AVAILABLE DATA.
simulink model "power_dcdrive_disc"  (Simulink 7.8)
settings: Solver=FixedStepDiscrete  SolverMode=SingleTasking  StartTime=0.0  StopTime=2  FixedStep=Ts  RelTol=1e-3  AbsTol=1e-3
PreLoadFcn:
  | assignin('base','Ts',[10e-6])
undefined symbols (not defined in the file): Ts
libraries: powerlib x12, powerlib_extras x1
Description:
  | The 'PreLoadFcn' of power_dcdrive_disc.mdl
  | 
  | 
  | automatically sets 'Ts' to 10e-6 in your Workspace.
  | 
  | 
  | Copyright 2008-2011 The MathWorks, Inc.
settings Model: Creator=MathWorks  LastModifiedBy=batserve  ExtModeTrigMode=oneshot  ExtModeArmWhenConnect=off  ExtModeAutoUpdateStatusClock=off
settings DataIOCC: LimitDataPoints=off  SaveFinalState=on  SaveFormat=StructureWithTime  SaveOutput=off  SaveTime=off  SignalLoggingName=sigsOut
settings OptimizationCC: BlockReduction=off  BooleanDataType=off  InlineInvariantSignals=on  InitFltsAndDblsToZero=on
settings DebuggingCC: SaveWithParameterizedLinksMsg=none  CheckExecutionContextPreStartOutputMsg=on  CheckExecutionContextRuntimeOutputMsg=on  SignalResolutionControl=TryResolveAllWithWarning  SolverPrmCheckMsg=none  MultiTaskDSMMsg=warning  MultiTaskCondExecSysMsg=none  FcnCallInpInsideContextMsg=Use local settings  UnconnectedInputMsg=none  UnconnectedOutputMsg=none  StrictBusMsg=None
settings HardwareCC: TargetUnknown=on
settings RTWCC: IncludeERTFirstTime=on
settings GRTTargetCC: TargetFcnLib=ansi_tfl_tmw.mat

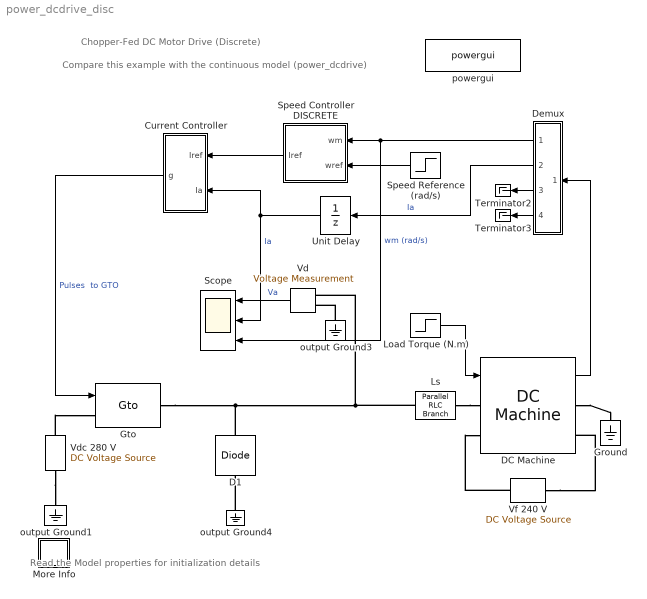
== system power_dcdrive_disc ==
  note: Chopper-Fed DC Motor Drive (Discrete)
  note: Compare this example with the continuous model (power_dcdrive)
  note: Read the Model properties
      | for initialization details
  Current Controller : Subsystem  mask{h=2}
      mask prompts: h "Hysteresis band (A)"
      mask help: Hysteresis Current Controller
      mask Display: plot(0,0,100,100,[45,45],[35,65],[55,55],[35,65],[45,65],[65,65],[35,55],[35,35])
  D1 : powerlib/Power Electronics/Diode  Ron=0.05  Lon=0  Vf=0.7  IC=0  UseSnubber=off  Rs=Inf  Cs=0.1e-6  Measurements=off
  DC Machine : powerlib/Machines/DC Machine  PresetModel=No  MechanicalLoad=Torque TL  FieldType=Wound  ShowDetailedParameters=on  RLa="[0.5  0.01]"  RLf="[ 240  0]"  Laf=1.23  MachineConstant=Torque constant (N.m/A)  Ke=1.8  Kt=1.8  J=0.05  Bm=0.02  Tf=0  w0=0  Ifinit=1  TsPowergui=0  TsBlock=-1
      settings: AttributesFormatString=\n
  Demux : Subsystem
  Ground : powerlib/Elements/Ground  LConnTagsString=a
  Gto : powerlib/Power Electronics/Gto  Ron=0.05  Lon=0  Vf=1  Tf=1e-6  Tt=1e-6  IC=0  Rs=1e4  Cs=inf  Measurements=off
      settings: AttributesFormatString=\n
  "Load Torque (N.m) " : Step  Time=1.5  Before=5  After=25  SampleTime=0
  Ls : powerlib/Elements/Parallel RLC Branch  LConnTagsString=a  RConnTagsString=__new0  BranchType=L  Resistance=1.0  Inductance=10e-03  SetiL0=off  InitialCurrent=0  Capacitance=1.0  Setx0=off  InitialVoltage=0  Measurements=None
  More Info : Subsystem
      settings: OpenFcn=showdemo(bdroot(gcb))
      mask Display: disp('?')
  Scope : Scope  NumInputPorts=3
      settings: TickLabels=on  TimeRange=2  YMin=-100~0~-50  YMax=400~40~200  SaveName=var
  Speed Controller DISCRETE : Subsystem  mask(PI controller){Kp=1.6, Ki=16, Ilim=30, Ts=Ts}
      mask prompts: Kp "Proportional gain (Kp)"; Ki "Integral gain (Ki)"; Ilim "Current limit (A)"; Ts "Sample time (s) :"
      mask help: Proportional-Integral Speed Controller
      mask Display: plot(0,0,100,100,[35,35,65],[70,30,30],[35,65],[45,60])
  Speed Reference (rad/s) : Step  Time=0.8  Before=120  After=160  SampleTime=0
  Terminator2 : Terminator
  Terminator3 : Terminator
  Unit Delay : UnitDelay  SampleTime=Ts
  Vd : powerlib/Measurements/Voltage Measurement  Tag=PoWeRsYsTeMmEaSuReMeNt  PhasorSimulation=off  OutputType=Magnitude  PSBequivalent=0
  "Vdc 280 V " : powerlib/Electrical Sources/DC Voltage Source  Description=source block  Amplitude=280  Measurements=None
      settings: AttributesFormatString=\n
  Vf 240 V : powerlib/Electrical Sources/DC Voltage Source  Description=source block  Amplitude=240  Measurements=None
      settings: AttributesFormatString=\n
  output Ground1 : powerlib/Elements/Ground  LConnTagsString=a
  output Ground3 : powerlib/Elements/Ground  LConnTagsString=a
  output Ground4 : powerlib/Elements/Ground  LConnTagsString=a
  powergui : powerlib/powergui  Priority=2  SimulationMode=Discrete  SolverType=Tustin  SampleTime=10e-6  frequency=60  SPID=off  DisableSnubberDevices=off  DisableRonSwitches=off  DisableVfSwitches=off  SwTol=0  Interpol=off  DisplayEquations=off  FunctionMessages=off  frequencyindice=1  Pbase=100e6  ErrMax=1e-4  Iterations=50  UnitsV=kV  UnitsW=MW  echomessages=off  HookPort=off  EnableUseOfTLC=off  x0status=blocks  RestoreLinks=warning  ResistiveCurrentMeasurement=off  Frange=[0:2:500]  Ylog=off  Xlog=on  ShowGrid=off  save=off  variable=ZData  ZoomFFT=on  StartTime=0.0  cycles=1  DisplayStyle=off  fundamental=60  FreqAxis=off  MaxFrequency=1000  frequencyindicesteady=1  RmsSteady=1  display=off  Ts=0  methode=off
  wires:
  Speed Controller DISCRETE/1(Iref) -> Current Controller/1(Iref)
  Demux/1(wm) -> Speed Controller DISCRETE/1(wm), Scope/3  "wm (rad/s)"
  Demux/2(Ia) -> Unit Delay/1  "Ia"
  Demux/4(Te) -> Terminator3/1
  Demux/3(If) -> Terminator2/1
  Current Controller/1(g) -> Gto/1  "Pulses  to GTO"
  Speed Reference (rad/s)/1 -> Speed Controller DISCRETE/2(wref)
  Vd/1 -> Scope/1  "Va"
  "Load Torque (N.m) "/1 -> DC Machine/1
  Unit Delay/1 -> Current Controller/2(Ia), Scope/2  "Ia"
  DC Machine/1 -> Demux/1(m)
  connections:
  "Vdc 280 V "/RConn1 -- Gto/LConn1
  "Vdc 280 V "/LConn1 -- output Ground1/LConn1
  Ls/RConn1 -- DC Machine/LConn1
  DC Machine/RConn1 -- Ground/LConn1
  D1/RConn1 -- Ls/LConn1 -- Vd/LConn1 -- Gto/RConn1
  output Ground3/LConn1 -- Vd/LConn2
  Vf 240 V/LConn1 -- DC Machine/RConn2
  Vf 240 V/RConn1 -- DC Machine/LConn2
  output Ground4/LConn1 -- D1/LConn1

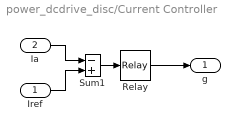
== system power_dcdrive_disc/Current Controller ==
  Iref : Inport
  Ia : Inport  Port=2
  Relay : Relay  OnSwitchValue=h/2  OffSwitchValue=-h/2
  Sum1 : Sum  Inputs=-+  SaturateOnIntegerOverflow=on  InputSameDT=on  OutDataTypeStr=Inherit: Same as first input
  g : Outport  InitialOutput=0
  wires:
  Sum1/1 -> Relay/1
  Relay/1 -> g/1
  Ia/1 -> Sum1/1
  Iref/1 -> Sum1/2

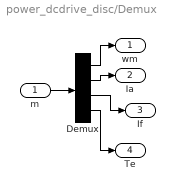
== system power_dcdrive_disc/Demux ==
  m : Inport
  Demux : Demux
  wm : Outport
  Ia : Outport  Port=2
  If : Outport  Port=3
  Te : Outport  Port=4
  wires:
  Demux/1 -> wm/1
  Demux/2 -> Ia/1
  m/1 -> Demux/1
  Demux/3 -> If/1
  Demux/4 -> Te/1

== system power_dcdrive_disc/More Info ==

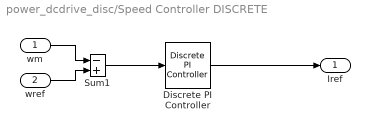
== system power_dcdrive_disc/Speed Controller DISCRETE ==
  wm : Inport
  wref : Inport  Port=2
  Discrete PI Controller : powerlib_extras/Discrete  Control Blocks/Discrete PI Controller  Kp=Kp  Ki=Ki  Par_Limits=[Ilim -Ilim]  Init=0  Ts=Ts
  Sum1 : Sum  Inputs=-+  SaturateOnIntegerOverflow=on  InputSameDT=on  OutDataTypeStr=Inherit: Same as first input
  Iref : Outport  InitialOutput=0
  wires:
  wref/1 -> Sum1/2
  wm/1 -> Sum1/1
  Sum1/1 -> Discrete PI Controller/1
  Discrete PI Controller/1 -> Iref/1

TASK GOAL.
The lines of the records that contain the string "Before" should be located and copied.

SOLUTION FOR THIS EXERCISE.
  "Load Torque (N.m) " : Step  Time=1.5  Before=5  After=25  SampleTime=0
  Speed Reference (rad/s) : Step  Time=0.8  Before=120  After=160  SampleTime=0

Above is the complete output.